The concept of whether media should be regulated or not has become a political and a moral issue. The Leveson Inquiry has spent millions of pounds of public money debating whether there should be statutory regulation of the press – this in many ways would be the binary opposition of deregulation with some suggesting a tighter, more state run media model where newspaper editors would face prison for transgressing guidelines and rules laid down. This is what places print regulation in binary opposition to audio-visual media; while films, television and computer games have become a more deregulated format, debates rage on the future of the press. ASA advertising guidelines have become more relaxed, Ofcom deals mainly with trivial complaints relating to programmes like the X Factor while statutory print regulation remains a possibility.
The incumbent print regulators, the PCC are set to have a shortened life span with a new regulatory body set to be established, replacing it focussing on recommendations made by the Leveson Inquiry. The probability however, is that statutory press regulation will not be their remit and instead, the new body may in the end have the same ‘toothless’ narrative that the PCC is often accused of having. Most complaints currently made to the PCC involve accuracy and rarely are they seen to intervene in what are perceived to be ‘serious’ issues.
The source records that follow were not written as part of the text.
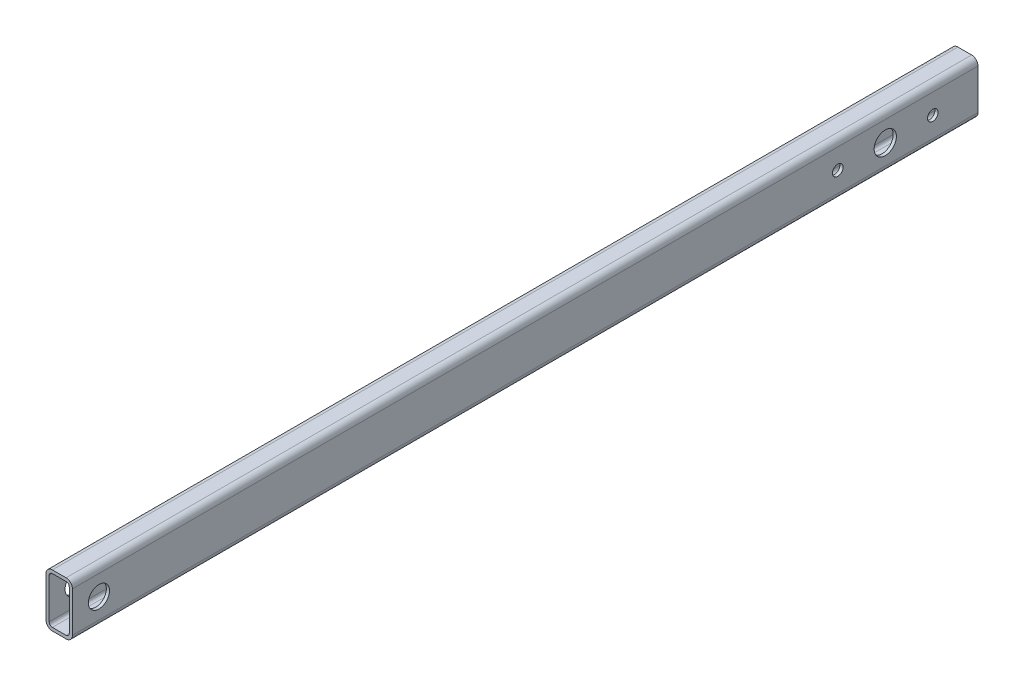
ISO-10303-21;
HEADER;
FILE_DESCRIPTION(('STEP AP214'),'2;1');
FILE_NAME('part.step','',(''),(''),'','','');
FILE_SCHEMA(('AUTOMOTIVE_DESIGN { 1 0 10303 214 1 1 1 1 }'));
ENDSEC;
DATA;
#1=APPLICATION_CONTEXT('core data for automotive mechanical design processes');
#2=APPLICATION_PROTOCOL_DEFINITION('international standard','automotive_design',2000,#1);
#3=PRODUCT_CONTEXT('',#1,'mechanical');
#4=PRODUCT('Part','Part','',(#3));
#5=PRODUCT_RELATED_PRODUCT_CATEGORY('part','',(#4));
#6=PRODUCT_DEFINITION_FORMATION('','',#4);
#7=PRODUCT_DEFINITION_CONTEXT('part definition',#1,'design');
#8=PRODUCT_DEFINITION('design','',#6,#7);
#9=PRODUCT_DEFINITION_SHAPE('','',#8);
#10=(LENGTH_UNIT() NAMED_UNIT(*) SI_UNIT(.MILLI.,.METRE.));
#11=(NAMED_UNIT(*) PLANE_ANGLE_UNIT() SI_UNIT($,.RADIAN.));
#12=(NAMED_UNIT(*) SI_UNIT($,.STERADIAN.) SOLID_ANGLE_UNIT());
#13=UNCERTAINTY_MEASURE_WITH_UNIT(LENGTH_MEASURE(1.E-05),#10,'distance_accuracy_value','');
#14=(GEOMETRIC_REPRESENTATION_CONTEXT(3) GLOBAL_UNCERTAINTY_ASSIGNED_CONTEXT((#13)) GLOBAL_UNIT_ASSIGNED_CONTEXT((#10,
#11,#12)) REPRESENTATION_CONTEXT('',''));
#15=CARTESIAN_POINT('',(0.,0.,0.));
#16=DIRECTION('',(0.,0.,1.));
#17=DIRECTION('',(1.,0.,0.));
#18=AXIS2_PLACEMENT_3D('',#15,#16,#17);
#19=CARTESIAN_POINT('',(6.00000000000009,5.99999999999989,-70.));
#20=DIRECTION('',(0.,0.,1.));
#21=DIRECTION('',(1.00000000000001,0.,0.));
#22=AXIS2_PLACEMENT_3D('',#19,#20,#21);
#23=CYLINDRICAL_SURFACE('',#22,6.);
#24=DIRECTION('',(0.,0.,1.));
#25=VECTOR('',#24,1.);
#26=CARTESIAN_POINT('',(6.00000000000009,0.,-70.0000000000003));
#27=LINE('',#26,#25);
#28=CARTESIAN_POINT('',(6.00000000000009,0.,-70.0000000000003));
#29=VERTEX_POINT('',#28);
#30=CARTESIAN_POINT('',(6.00000000000001,0.,785.));
#31=VERTEX_POINT('',#30);
#32=EDGE_CURVE('E272',#29,#31,#27,.T.);
#33=ORIENTED_EDGE('',*,*,#32,.T.);
#34=CARTESIAN_POINT('',(6.00000000000001,6.00000000000001,785.));
#35=DIRECTION('',(0.,0.,1.));
#36=DIRECTION('',(-1.00000000000001,0.,0.));
#37=AXIS2_PLACEMENT_3D('',#34,#35,#36);
#38=CIRCLE('',#37,6.);
#39=CARTESIAN_POINT('',(0.,6.00000000000001,785.));
#40=VERTEX_POINT('',#39);
#41=EDGE_CURVE('E196',#40,#31,#38,.T.);
#42=ORIENTED_EDGE('',*,*,#41,.F.);
#43=DIRECTION('',(0.,0.,1.));
#44=VECTOR('',#43,1.);
#45=CARTESIAN_POINT('',(0.,5.99999999999989,-70.0000000000006));
#46=LINE('',#45,#44);
#47=CARTESIAN_POINT('',(0.,5.99999999999989,-70.0000000000006));
#48=VERTEX_POINT('',#47);
#49=EDGE_CURVE('E11',#48,#40,#46,.T.);
#50=ORIENTED_EDGE('',*,*,#49,.F.);
#51=CARTESIAN_POINT('',(6.00000000000009,5.99999999999989,-70.));
#52=DIRECTION('',(0.,0.,1.));
#53=DIRECTION('',(-1.00000000000001,0.,0.));
#54=AXIS2_PLACEMENT_3D('',#51,#52,#53);
#55=CIRCLE('',#54,6.);
#56=EDGE_CURVE('E239',#48,#29,#55,.T.);
#57=ORIENTED_EDGE('',*,*,#56,.T.);
#58=EDGE_LOOP('',(#33,#42,#50,#57));
#59=FACE_BOUND('',#58,.T.);
#60=ADVANCED_FACE('F38',(#59),#23,.T.);
#61=CARTESIAN_POINT('',(0.,43.9999999999999,-70.));
#62=DIRECTION('',(-1.00000000000001,0.,0.));
#63=DIRECTION('',(0.,0.,1.));
#64=AXIS2_PLACEMENT_3D('',#61,#62,#63);
#65=PLANE('',#64);
#66=CARTESIAN_POINT('',(0.,24.9999999999998,-27.2997088405868));
#67=DIRECTION('',(1.00000000000001,0.,0.));
#68=DIRECTION('',(0.,1.00000000000001,0.));
#69=AXIS2_PLACEMENT_3D('',#66,#67,#68);
#70=CIRCLE('',#69,5.);
#71=CARTESIAN_POINT('',(0.,29.9999999999998,-27.2997088405868));
#72=VERTEX_POINT('',#71);
#73=EDGE_CURVE('E454',#72,#72,#70,.T.);
#74=ORIENTED_EDGE('',*,*,#73,.T.);
#75=EDGE_LOOP('',(#74));
#76=FACE_BOUND('',#75,.T.);
#77=CARTESIAN_POINT('',(0.,24.9999999999998,760.));
#78=DIRECTION('',(1.00000000000001,0.,0.));
#79=DIRECTION('',(0.,1.00000000000001,0.));
#80=AXIS2_PLACEMENT_3D('',#77,#78,#79);
#81=CIRCLE('',#80,9.99999999999998);
#82=CARTESIAN_POINT('',(0.,34.9999999999998,760.));
#83=VERTEX_POINT('',#82);
#84=EDGE_CURVE('E459',#83,#83,#81,.T.);
#85=ORIENTED_EDGE('',*,*,#84,.T.);
#86=EDGE_LOOP('',(#85));
#87=FACE_BOUND('',#86,.T.);
#88=CARTESIAN_POINT('',(0.,25.0000000000001,62.4002911594126));
#89=DIRECTION('',(1.00000000000001,0.,0.));
#90=DIRECTION('',(0.,1.00000000000001,0.));
#91=AXIS2_PLACEMENT_3D('',#88,#89,#90);
#92=CIRCLE('',#91,5.);
#93=CARTESIAN_POINT('',(0.,30.0000000000002,62.4002911594126));
#94=VERTEX_POINT('',#93);
#95=EDGE_CURVE('E451',#94,#94,#92,.T.);
#96=ORIENTED_EDGE('',*,*,#95,.T.);
#97=EDGE_LOOP('',(#96));
#98=FACE_BOUND('',#97,.T.);
#99=CARTESIAN_POINT('',(0.,25.0000000000001,17.5502911594126));
#100=DIRECTION('',(1.00000000000001,0.,0.));
#101=DIRECTION('',(0.,1.00000000000001,0.));
#102=AXIS2_PLACEMENT_3D('',#99,#100,#101);
#103=CIRCLE('',#102,10.5);
#104=CARTESIAN_POINT('',(0.,35.5000000000002,17.5502911594126));
#105=VERTEX_POINT('',#104);
#106=EDGE_CURVE('E290',#105,#105,#103,.T.);
#107=ORIENTED_EDGE('',*,*,#106,.T.);
#108=EDGE_LOOP('',(#107));
#109=FACE_BOUND('',#108,.T.);
#110=ORIENTED_EDGE('',*,*,#49,.T.);
#111=DIRECTION('',(0.,-1.00000000000001,0.));
#112=VECTOR('',#111,1.);
#113=CARTESIAN_POINT('',(0.,44.,785.));
#114=LINE('',#113,#112);
#115=CARTESIAN_POINT('',(0.,44.,785.));
#116=VERTEX_POINT('',#115);
#117=EDGE_CURVE('E217',#116,#40,#114,.T.);
#118=ORIENTED_EDGE('',*,*,#117,.F.);
#119=DIRECTION('',(0.,0.,1.));
#120=VECTOR('',#119,1.);
#121=CARTESIAN_POINT('',(0.,43.9999999999999,-70.));
#122=LINE('',#121,#120);
#123=CARTESIAN_POINT('',(0.,43.9999999999999,-70.));
#124=VERTEX_POINT('',#123);
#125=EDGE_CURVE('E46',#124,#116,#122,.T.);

The problem for the press and regulation is while important issues may be publicised and very much seen to be in the public interest, many stories are exploitative and are published for commercial reasons e.g. the current phone hacking controversy still being dealt with in the British courts and invasive paparazzi photography and journalists seeking to write voyeuristic articles on celebrities to please a public who apparently are engaged by titillation, gossip and personal stories.
What underscores the regulation debate however is the need to protect vulnerable sections of society e.g. children. In this regard, the question on whether media forms should be regulated is yes but with reference to Gauntlett’s argument that audiences are more sophisticated, and literate readers of the media than a ‘nanny state’ would suggest.